Nell’epoca del #Metoo nessuno si azzarda a celebrare le sue gesta nel decennale della morte: neanche il suo amico, mentore, produttore Quincy Jones ha trasformato un concerto in programma a Londra per celebrare Jackson in un generico omaggio alle musiche da film. I grandi Network americani non hanno nulla in programma, si parla di un musical a Broadway per l’anno prossimo ma si dice che la produzione sia in difficoltà.
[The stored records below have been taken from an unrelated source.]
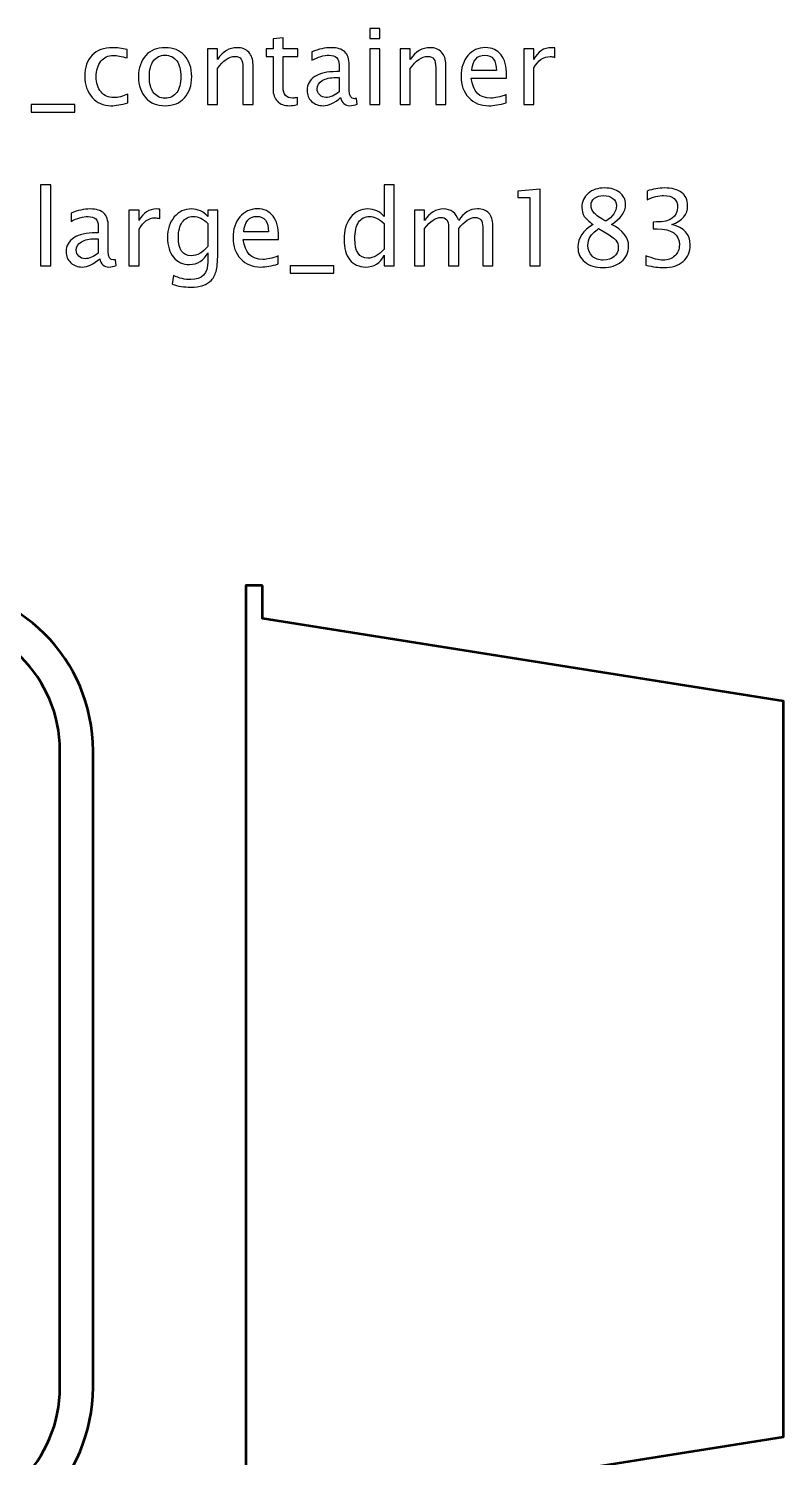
# Model space of a CAD drawing. Header units: centimetres. Extents: x -12.9 to 12.2, y -12.2 to 14.1.
# Drawn here: x 3.12 to 12.25, y -3.2 to 14.09 of the extents above; entities that cross this region are included whole.
import ezdxf

# ---------------------------------------------------------------- set-up
doc = ezdxf.new("R2010")
doc.units = ezdxf.units.CM
doc.header["$MEASUREMENT"] = 0
doc.layers.add('Layer 1', color=7, linetype='Continuous')

msp = doc.modelspace()

# ---------------------------------------------------------------- linework, layer by layer
at = {"layer": 'Layer 1'}
for points, knots in [([(7.24864, 13.96673), (7.24864, 13.96673), (7.24864, 14.08865), (7.24864, 14.08865), (7.24864, 14.08865), (7.24864, 14.08865), (7.37056, 14.08865), (7.37056, 14.08865), (7.37056, 14.08865), (7.37056, 14.08865), (7.37056, 13.96673), (7.37056, 13.96673), (7.37056, 13.96673), (7.37056, 13.96673), (7.24864, 13.96673), (7.24864, 13.96673)], [0, 0, 0, 0, 0.2, 0.2, 0.2, 0.2, 0.4, 0.4, 0.4, 0.4, 0.6, 0.6, 0.6, 0.6, 1, 1, 1, 1]), ([(4.32087, 13.19076), (4.24192, 13.16705), (4.17376, 13.1552), (4.1164, 13.1552), (4.1164, 13.1552), (4.02538, 13.1552), (3.95003, 13.18886), (3.89013, 13.25595), (3.89013, 13.25595), (3.83023, 13.32326), (3.80017, 13.40814), (3.80017, 13.51038), (3.80017, 13.51038), (3.80017, 13.6196), (3.8298, 13.7049), (3.88907, 13.76586), (3.88907, 13.76586), (3.94834, 13.82703), (4.0311, 13.85751), (4.13736, 13.85751), (4.13736, 13.85751), (4.18964, 13.85751), (4.24848, 13.85031), (4.31325, 13.83592), (4.31325, 13.83592), (4.31325, 13.83592), (4.31325, 13.73305), (4.31325, 13.73305), (4.31325, 13.73305), (4.24446, 13.75337), (4.18837, 13.76353), (4.14519, 13.76353), (4.14519, 13.76353), (4.08253, 13.76353), (4.03237, 13.74004), (3.9949, 13.69326), (3.9949, 13.69326), (3.95744, 13.64648), (3.9386, 13.58404), (3.9386, 13.50614), (3.9386, 13.50614), (3.9386, 13.43058), (3.95807, 13.36962), (3.99681, 13.32284), (3.99681, 13.32284), (4.03554, 13.27627), (4.08613, 13.25299), (4.149, 13.25299), (4.149, 13.25299), (4.20467, 13.25299), (4.26182, 13.26738), (4.32087, 13.29617), (4.32087, 13.29617), (4.32087, 13.29617), (4.32087, 13.19076), (4.32087, 13.19076)], [0, 0, 0, 0, 0.06666667, 0.06666667, 0.06666667, 0.06666667, 0.13333333, 0.13333333, 0.13333333, 0.13333333, 0.2, 0.2, 0.2, 0.2, 0.26666667, 0.26666667, 0.26666667, 0.26666667, 0.33333333, 0.33333333, 0.33333333, 0.33333333, 0.4, 0.4, 0.4, 0.4, 0.46666667, 0.46666667, 0.46666667, 0.46666667, 0.53333333, 0.53333333, 0.53333333, 0.53333333, 0.6, 0.6, 0.6, 0.6, 0.66666667, 0.66666667, 0.66666667, 0.66666667, 0.73333333, 0.73333333, 0.73333333, 0.73333333, 0.8, 0.8, 0.8, 0.8, 0.86666667, 0.86666667, 0.86666667, 0.86666667, 1, 1, 1, 1]), ([(4.77193, 13.1552), (4.67308, 13.1552), (4.59477, 13.18674), (4.53719, 13.24982), (4.53719, 13.24982), (4.47941, 13.31289), (4.45062, 13.39862), (4.45062, 13.50678), (4.45062, 13.50678), (4.45062, 13.61473), (4.47941, 13.70024), (4.53719, 13.76311), (4.53719, 13.76311), (4.59477, 13.82597), (4.67308, 13.85751), (4.77193, 13.85751), (4.77193, 13.85751), (4.87078, 13.85751), (4.9491, 13.82597), (5.00667, 13.76311), (5.00667, 13.76311), (5.06445, 13.70024), (5.09324, 13.61473), (5.09324, 13.50678), (5.09324, 13.50678), (5.09324, 13.39862), (5.06445, 13.31289), (5.00667, 13.24982), (5.00667, 13.24982), (4.9491, 13.18674), (4.87078, 13.1552), (4.77193, 13.1552)], [0, 0, 0, 0, 0.11111111, 0.11111111, 0.11111111, 0.11111111, 0.22222222, 0.22222222, 0.22222222, 0.22222222, 0.33333333, 0.33333333, 0.33333333, 0.33333333, 0.44444444, 0.44444444, 0.44444444, 0.44444444, 0.55555556, 0.55555556, 0.55555556, 0.55555556, 0.66666667, 0.66666667, 0.66666667, 0.66666667, 0.77777778, 0.77777778, 0.77777778, 0.77777778, 1, 1, 1, 1]), ([(5.28416, 13.17044), (5.28416, 13.17044), (5.28416, 13.84354), (5.28416, 13.84354), (5.28416, 13.84354), (5.28416, 13.84354), (5.40608, 13.84354), (5.40608, 13.84354), (5.40608, 13.84354), (5.40608, 13.84354), (5.40608, 13.71633), (5.40608, 13.71633), (5.40608, 13.71633), (5.47064, 13.81052), (5.5498, 13.85751), (5.64336, 13.85751), (5.64336, 13.85751), (5.7022, 13.85751), (5.74898, 13.8391), (5.78348, 13.80205), (5.78348, 13.80205), (5.81798, 13.76522), (5.83534, 13.71548), (5.83534, 13.65325), (5.83534, 13.65325), (5.83534, 13.65325), (5.83534, 13.17044), (5.83534, 13.17044), (5.83534, 13.17044), (5.83534, 13.17044), (5.71342, 13.17044), (5.71342, 13.17044), (5.71342, 13.17044), (5.71342, 13.17044), (5.71342, 13.61346), (5.71342, 13.61346), (5.71342, 13.61346), (5.71342, 13.66341), (5.70601, 13.69897), (5.69141, 13.72014), (5.69141, 13.72014), (5.67659, 13.74152), (5.65225, 13.7521), (5.61817, 13.7521), (5.61817, 13.7521), (5.54324, 13.7521), (5.47254, 13.70321), (5.40608, 13.60542), (5.40608, 13.60542), (5.40608, 13.60542), (5.40608, 13.17044), (5.40608, 13.17044), (5.40608, 13.17044), (5.40608, 13.17044), (5.28416, 13.17044), (5.28416, 13.17044)], [0, 0, 0, 0, 0.06666667, 0.06666667, 0.06666667, 0.06666667, 0.13333333, 0.13333333, 0.13333333, 0.13333333, 0.2, 0.2, 0.2, 0.2, 0.26666667, 0.26666667, 0.26666667, 0.26666667, 0.33333333, 0.33333333, 0.33333333, 0.33333333, 0.4, 0.4, 0.4, 0.4, 0.46666667, 0.46666667, 0.46666667, 0.46666667, 0.53333333, 0.53333333, 0.53333333, 0.53333333, 0.6, 0.6, 0.6, 0.6, 0.66666667, 0.66666667, 0.66666667, 0.66666667, 0.73333333, 0.73333333, 0.73333333, 0.73333333, 0.8, 0.8, 0.8, 0.8, 0.86666667, 0.86666667, 0.86666667, 0.86666667, 1, 1, 1, 1]), ([(6.3734, 13.17065), (6.33572, 13.16028), (6.30292, 13.1552), (6.27519, 13.1552), (6.27519, 13.1552), (6.21296, 13.1552), (6.16449, 13.17298), (6.12977, 13.20854), (6.12977, 13.20854), (6.09485, 13.2441), (6.07749, 13.29342), (6.07749, 13.35671), (6.07749, 13.35671), (6.07749, 13.35671), (6.07749, 13.7521), (6.07749, 13.7521), (6.07749, 13.7521), (6.07749, 13.7521), (5.99325, 13.7521), (5.99325, 13.7521), (5.99325, 13.7521), (5.99325, 13.7521), (5.99325, 13.84354), (5.99325, 13.84354), (5.99325, 13.84354), (5.99325, 13.84354), (6.07749, 13.84354), (6.07749, 13.84354), (6.07749, 13.84354), (6.07749, 13.84354), (6.07749, 13.96525), (6.07749, 13.96525), (6.07749, 13.96525), (6.07749, 13.96525), (6.19941, 13.97689), (6.19941, 13.97689), (6.19941, 13.97689), (6.19941, 13.97689), (6.19941, 13.84354), (6.19941, 13.84354), (6.19941, 13.84354), (6.19941, 13.84354), (6.37594, 13.84354), (6.37594, 13.84354), (6.37594, 13.84354), (6.37594, 13.84354), (6.37594, 13.7521), (6.37594, 13.7521), (6.37594, 13.7521), (6.37594, 13.7521), (6.19941, 13.7521), (6.19941, 13.7521), (6.19941, 13.7521), (6.19941, 13.7521), (6.19941, 13.37872), (6.19941, 13.37872), (6.19941, 13.37872), (6.19941, 13.29067), (6.23772, 13.24664), (6.31413, 13.24664), (6.31413, 13.24664), (6.33043, 13.24664), (6.35012, 13.24939), (6.3734, 13.25468), (6.3734, 13.25468), (6.3734, 13.25468), (6.3734, 13.17065), (6.3734, 13.17065)], [0, 0, 0, 0, 0.05555556, 0.05555556, 0.05555556, 0.05555556, 0.11111111, 0.11111111, 0.11111111, 0.11111111, 0.16666667, 0.16666667, 0.16666667, 0.16666667, 0.22222222, 0.22222222, 0.22222222, 0.22222222, 0.27777778, 0.27777778, 0.27777778, 0.27777778, 0.33333333, 0.33333333, 0.33333333, 0.33333333, 0.38888889, 0.38888889, 0.38888889, 0.38888889, 0.44444444, 0.44444444, 0.44444444, 0.44444444, 0.5, 0.5, 0.5, 0.5, 0.55555556, 0.55555556, 0.55555556, 0.55555556, 0.61111111, 0.61111111, 0.61111111, 0.61111111, 0.66666667, 0.66666667, 0.66666667, 0.66666667, 0.72222222, 0.72222222, 0.72222222, 0.72222222, 0.77777778, 0.77777778, 0.77777778, 0.77777778, 0.83333333, 0.83333333, 0.83333333, 0.83333333, 0.88888889, 0.88888889, 0.88888889, 0.88888889, 1, 1, 1, 1]), ([(6.89431, 13.25617), (6.82108, 13.18886), (6.75059, 13.1552), (6.68286, 13.1552), (6.68286, 13.1552), (6.62719, 13.1552), (6.58083, 13.17256), (6.54422, 13.20748), (6.54422, 13.20748), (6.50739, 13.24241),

Dal punto di vista legale, Michael Jackson era stato assolto dalle accuse di pedofilia: i processi erano iniziati nel 1993, l’assoluzione è del 2003, in mezzo ci sono molti accordi extra giudiziali. Ma il documentario «Leaving Neverland», (Neverland era il nome del suo famigerato ranch-parco giochi) con le testimonianze di chi ha fatto parte del giro dei «giovani amici» di Michael, ha seppellito sotto un mare di fango qualsiasi accenno alla nostalgia.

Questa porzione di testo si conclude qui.